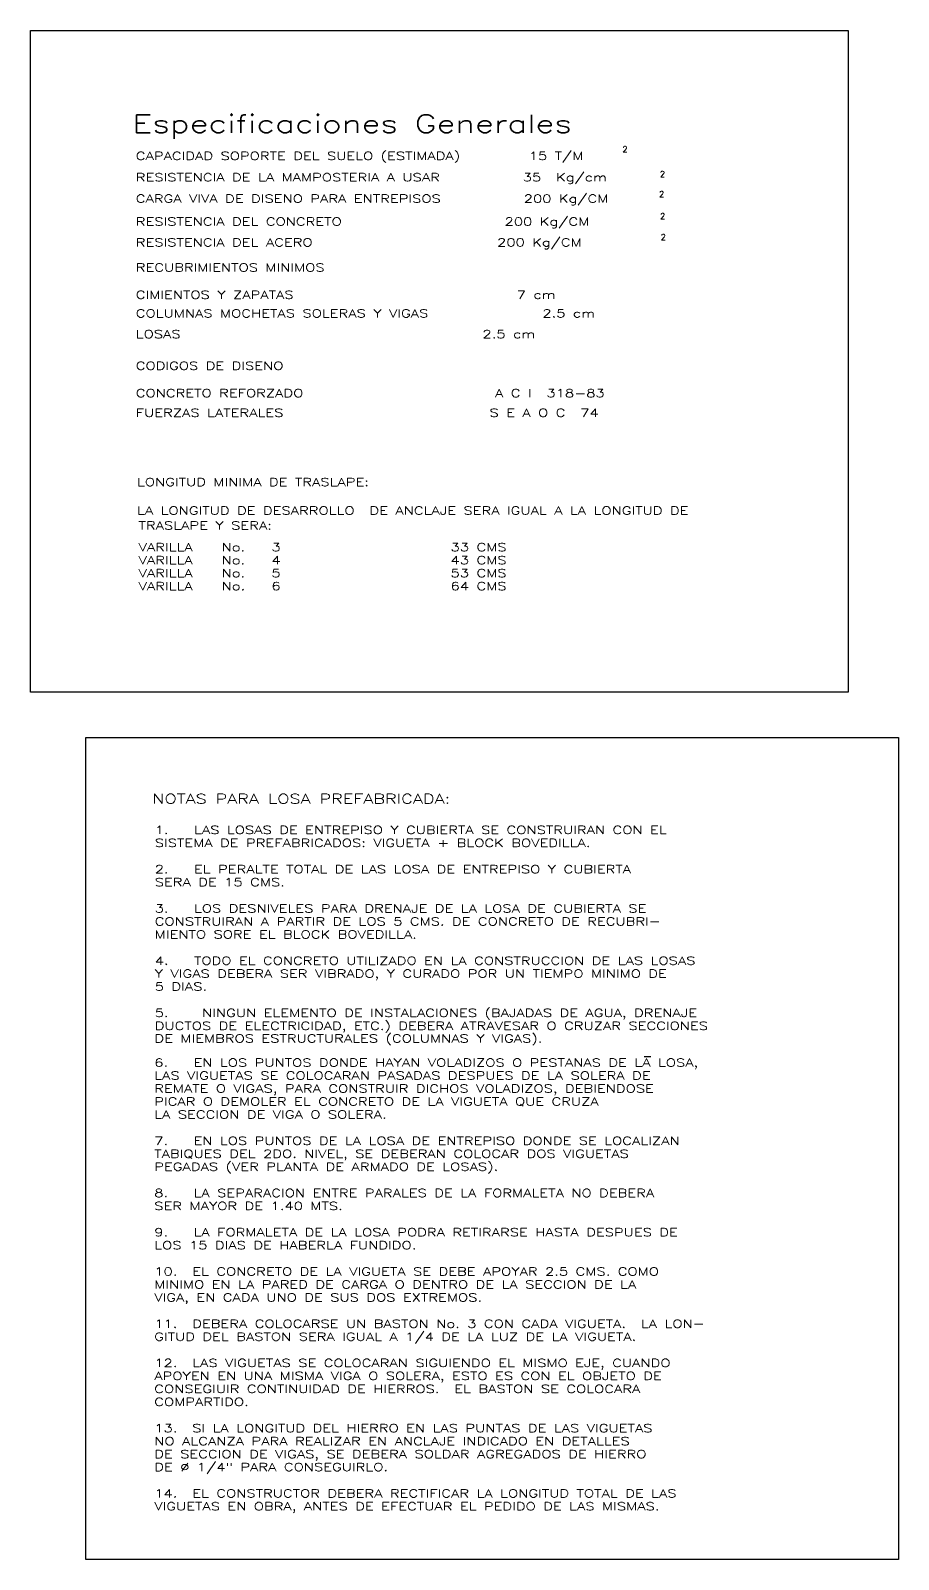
# Model space of a CAD drawing. Header units: inches. Extents: x -370 to 18, y -197 to 199.
# Drawn here: x -256.16 to -245.32, y -12.29 to 6.81 of the extents above; entities that cross this region are included whole.
import ezdxf

# ---------------------------------------------------------------- set-up
doc = ezdxf.new("R2010")
doc.units = ezdxf.units.IN
doc.header["$MEASUREMENT"] = 0
for name, color, linetype in [('ANNOBJ', 2, 'Continuous'), ('COTAS', 1, 'Continuous'), ('NOTAS', 4, 'Continuous'), ('ROTULADO', 4, 'Continuous'), ('TEXTO', 2, 'Continuous'), ('Textos', 2, 'Continuous')]:
    doc.layers.add(name, color=color, linetype=linetype)
doc.styles.add('ANNTEXT', font='romans.shx')
doc.styles.add('HAND', font='ROMANS.shx', dxfattribs={"width": 1.35})
doc.styles.add('HAND1', font='romans.shx', dxfattribs={"width": 1.35})
doc.styles.add('XFINE', font='romans.shx')

msp = doc.modelspace()

# ---------------------------------------------------------------- linework, layer by layer
at = {"layer": 'COTAS'}
for points in [[(-256.16371, 6.80923), (-245.94671, 6.80923), (-245.94671, -1.45777), (-256.16371, -1.45777)], [(-255.47471, -2.02177), (-245.31971, -2.02177), (-245.31971, -12.29177), (-255.47471, -12.29177)]]:
    msp.add_lwpolyline(points, close=True, dxfattribs=at)
at = {"layer": 'NOTAS', "color": 3}
msp.add_line((-248.49799, -6.00818), (-248.41205, -6.00818), dxfattribs=at)

# ---------------------------------------------------------------- texts
at = {"layer": 'ANNOBJ', "color": 2, "style": 'XFINE'}
for p in [(-248.76866, 5.28856), (-248.30021, 4.97867), (-248.3112, 4.72876), (-248.29821, 4.45285), (-248.29021, 4.19194)]:
    msp.add_text('2', height=0.07497, dxfattribs=at).set_placement(p)
at = {"layer": 'NOTAS', "color": 3, "style": 'HAND1', "width": 1.35}
for s, p in [('1.   LAS LOSAS DE ENTREPISO Y CUBIERTA SE CONSTRUIRAN CON EL', (-254.61241, -3.22788)), ('SISTEMA DE PREFABRICADOS: VIGUETA + BLOCK BOVEDILLA.', (-254.61241, -3.38979)), ('2.   EL PERALTE TOTAL DE LAS LOSA DE ENTREPISO Y CUBIERTA', (-254.61241, -3.71836)), ('SERA DE 15 CMS.', (-254.61241, -3.88027)), ('3.   LOS DESNIVELES PARA DRENAJE DE LA LOSA DE CUBIERTA SE', (-254.61241, -4.20884)), ('CONSTRUIRAN A PARTIR DE LOS 5 CMS. DE CONCRETO DE RECUBRI-', (-254.61241, -4.37074)), ('MIENTO SORE EL BLOCK BOVEDILLA.', (-254.61241, -4.53265)), ('4.   TODO EL CONCRETO UTILIZADO EN LA CONSTRUCCION DE LAS LOSAS', (-254.61241, -4.86122)), ('Y VIGAS DEBERA SER VIBRADO, Y CURADO POR UN TIEMPO MINIMO DE', (-254.61241, -5.02312)), ('5 DIAS.', (-254.61241, -5.18503)), ('5.    NINGUN ELEMENTO DE INSTALACIONES (BAJADAS DE AGUA, DRENAJE', (-254.61241, -5.5136)), ('DE MIEMBROS ESTRUCTURALES (COLUMNAS Y VIGAS).', (-254.6158, -5.83309)), ('DUCTOS DE ELECTRICIDAD, ETC.) DEBERA ATRAVESAR O CRUZAR SECCIONES', (-254.61241, -5.6755)), ('6.   EN LOS PUNTOS DONDE HAYAN VOLADIZOS O PESTANAS DE LA LOSA,', (-254.61843, -6.1352)), ('LAS VIGUETAS SE COLOCARAN PASADAS DESPUES DE LA SOLERA DE', (-254.61843, -6.29711)), ('REMATE O VIGAS, PARA CONSTRUIR DICHOS VOLADIZOS, DEBIENDOSE', (-254.61843, -6.45901)), ('PICAR O DEMOLER EL CONCRETO DE LA VIGUETA QUE CRUZA', (-254.61843, -6.62091)), ('LA SECCION DE VIGA O SOLERA.', (-254.61843, -6.78282)), ('7.   EN LOS PUNTOS DE LA LOSA DE ENTREPISO DONDE SE LOCALIZAN', (-254.61843, -7.11139)), ('TABIQUES DEL 2DO. NIVEL, SE DEBERAN COLOCAR DOS VIGUETAS', (-254.61843, -7.2733)), ('PEGADAS (VER PLANTA DE ARMADO DE LOSAS).', (-254.61843, -7.4352)), ('8.   LA SEPARACION ENTRE PARALES DE LA FORMALETA NO DEBERA', (-254.61843, -7.76377)), ('SER MAYOR DE 1.40 MTS.', (-254.61843, -7.92568)), ('9.   LA FORMALETA DE LA LOSA PODRA RETIRARSE HASTA DESPUES DE', (-254.61843, -8.25425)), ('LOS 15 DIAS DE HABERLA FUNDIDO.', (-254.61843, -8.41615)), ('10.  EL CONCRETO DE LA VIGUETA SE DEBE APOYAR 2.5 CMS. COMO', (-254.61843, -8.74472)), ('VIGA, EN CADA UNO DE SUS DOS EXTREMOS.', (-254.61843, -9.06853)), ('MINIMO EN LA PARED DE CARGA O DENTRO DE LA SECCION DE LA', (-254.61843, -8.90663)), ('11.  DEBERA COLOCARSE UN BASTON No. 3 CON CADA VIGUETA.  LA LON-', (-254.61843, -9.39711)), ('GITUD DEL BASTON SERA IGUAL A 1/4 DE LA LUZ DE LA VIGUETA.', (-254.61843, -9.55901)), ('12.  LAS VIGUETAS SE COLOCARAN SIGUIENDO EL MISMO EJE, CUANDO', (-254.61843, -9.88758)), ('APOYEN EN UNA MISMA VIGA O SOLERA, ESTO ES CON EL OBJETO DE', (-254.61843, -10.04949)), ('CONSEGIUIR CONTINUIDAD DE HIERROS.  EL BASTON SE COLOCARA', (-254.61843, -10.21139)), ('COMPARTIDO.', (-254.61843, -10.3733)), ('13.  SI LA LONGITUD DEL HIERRO EN LAS PUNTAS DE LAS VIGUETAS', (-254.61843, -10.70187)), ('NO ALCANZA PARA REALIZAR EN ANCLAJE INDICADO EN DETALLES', (-254.61843, -10.86377)), ('DE SECCION DE VIGAS, SE DEBERA SOLDAR AGREGADOS DE HIERRO', (-254.61843, -11.02568)), ('DE %%C 1/4" PARA CONSEGUIRLO.', (-254.61843, -11.18758)), ('14.  EL CONSTRUCTOR DEBERA RECTIFICAR LA LONGITUD TOTAL DE LAS', (-254.61843, -11.51615)), ('VIGUETAS EN OBRA, ANTES DE EFECTUAR EL PEDIDO DE LAS MISMAS.', (-254.61843, -11.67806))]:
    msp.add_text(s, height=0.1, dxfattribs=at).set_placement(p)
at = {"layer": 'ROTULADO', "color": 6, "style": 'HAND', "width": 1.35}
msp.add_text('Especificaciones Generales', height=0.2249221, dxfattribs=at).set_placement((-254.89055, 5.53346))
at = {"layer": 'ROTULADO', "color": 2, "style": 'HAND', "width": 1.35}
for s, p in [('CAPACIDAD SOPORTE DEL SUELO (ESTIMADA)     15 T/M', (-254.84902, 5.19295)), ('RESISTENCIA DE LA MAMPOSTERIA A USAR       35  Kg/cm', (-254.84902, 4.92607)), ('CARGA VIVA DE DISENO PARA ENTREPISOS       200 Kg/CM', (-254.84902, 4.65919)), ('RESISTENCIA DEL CONCRETO                  200 Kg/CM', (-254.84902, 4.37258)), ('RESISTENCIA DEL ACERO                     200 Kg/CM', (-254.84902, 4.11328)), ('CIMIENTOS Y ZAPATAS                          7 cm', (-254.84902, 3.45819)), ('COLUMNAS MOCHETAS SOLERAS Y VIGAS           2.5 cm', (-254.84902, 3.22617)), ('LOSAS                                     2.5 cm', (-254.84902, 2.96685)), ('CONCRETO REFORZADO                      A C I  318-83', (-254.84902, 2.22989)), ('FUERZAS LATERALES                        S E A O C  74', (-254.84902, 1.98423))]:
    msp.add_text(s, height=0.0999654, dxfattribs=at).set_placement(p)
at = {"layer": 'ROTULADO', "color": 4, "style": 'HAND', "width": 1.35}
for s, p in [('RECUBRIMIENTOS MINIMOS', (-254.84902, 3.79937)), ('CODIGOS DE DISENO', (-254.84902, 2.57108))]:
    msp.add_text(s, height=0.0999654, dxfattribs=at).set_placement(p)
at = {"layer": 'TEXTO', "color": 4, "ltscale": 0.05, "style": 'ANNTEXT', "width": 1.35}
msp.add_text('LONGITUD MINIMA DE TRASLAPE:', height=0.1, dxfattribs=at).set_placement((-254.8341, 1.11877))
at = {"layer": 'TEXTO', "color": 2, "ltscale": 0.05, "style": 'ANNTEXT', "width": 1.35}
for s, p in [('LA LONGITUD DE DESARROLLO  DE ANCLAJE SERA IGUAL A LA LONGITUD DE', (-254.8341, 0.7619)), ('TRASLAPE Y SERA:', (-254.81474, 0.57648)), ('VARILLA   No.   3                     33 CMS', (-254.81474, 0.30483)), ('VARILLA   No.   4                     43 CMS', (-254.81474, 0.14293)), ('VARILLA   No.   5                     53 CMS', (-254.81474, -0.01898)), ('VARILLA   No.   6                     64 CMS', (-254.81474, -0.18088))]:
    msp.add_text(s, height=0.1, dxfattribs=at).set_placement(p)
at = {"layer": 'Textos', "color": 161, "style": 'XFINE', "width": 1.35}
msp.add_text('NOTAS PARA LOSA PREFABRICADA:', height=0.12, dxfattribs=at).set_placement((-254.64282, -2.84853))

doc.saveas('drawing.dxf')

» **EXERCISE DIRECTIONS**
Send back exactly the lines from the line with "msp.add_text('NOTAS PARA LOSA" through the end of the records.

» **ANSWER TO THE PROBLEM**
msp.add_text('NOTAS PARA LOSA PREFABRICADA:', height=0.12, dxfattribs=at).set_placement((-254.64282, -2.84853))

doc.saveas('drawing.dxf')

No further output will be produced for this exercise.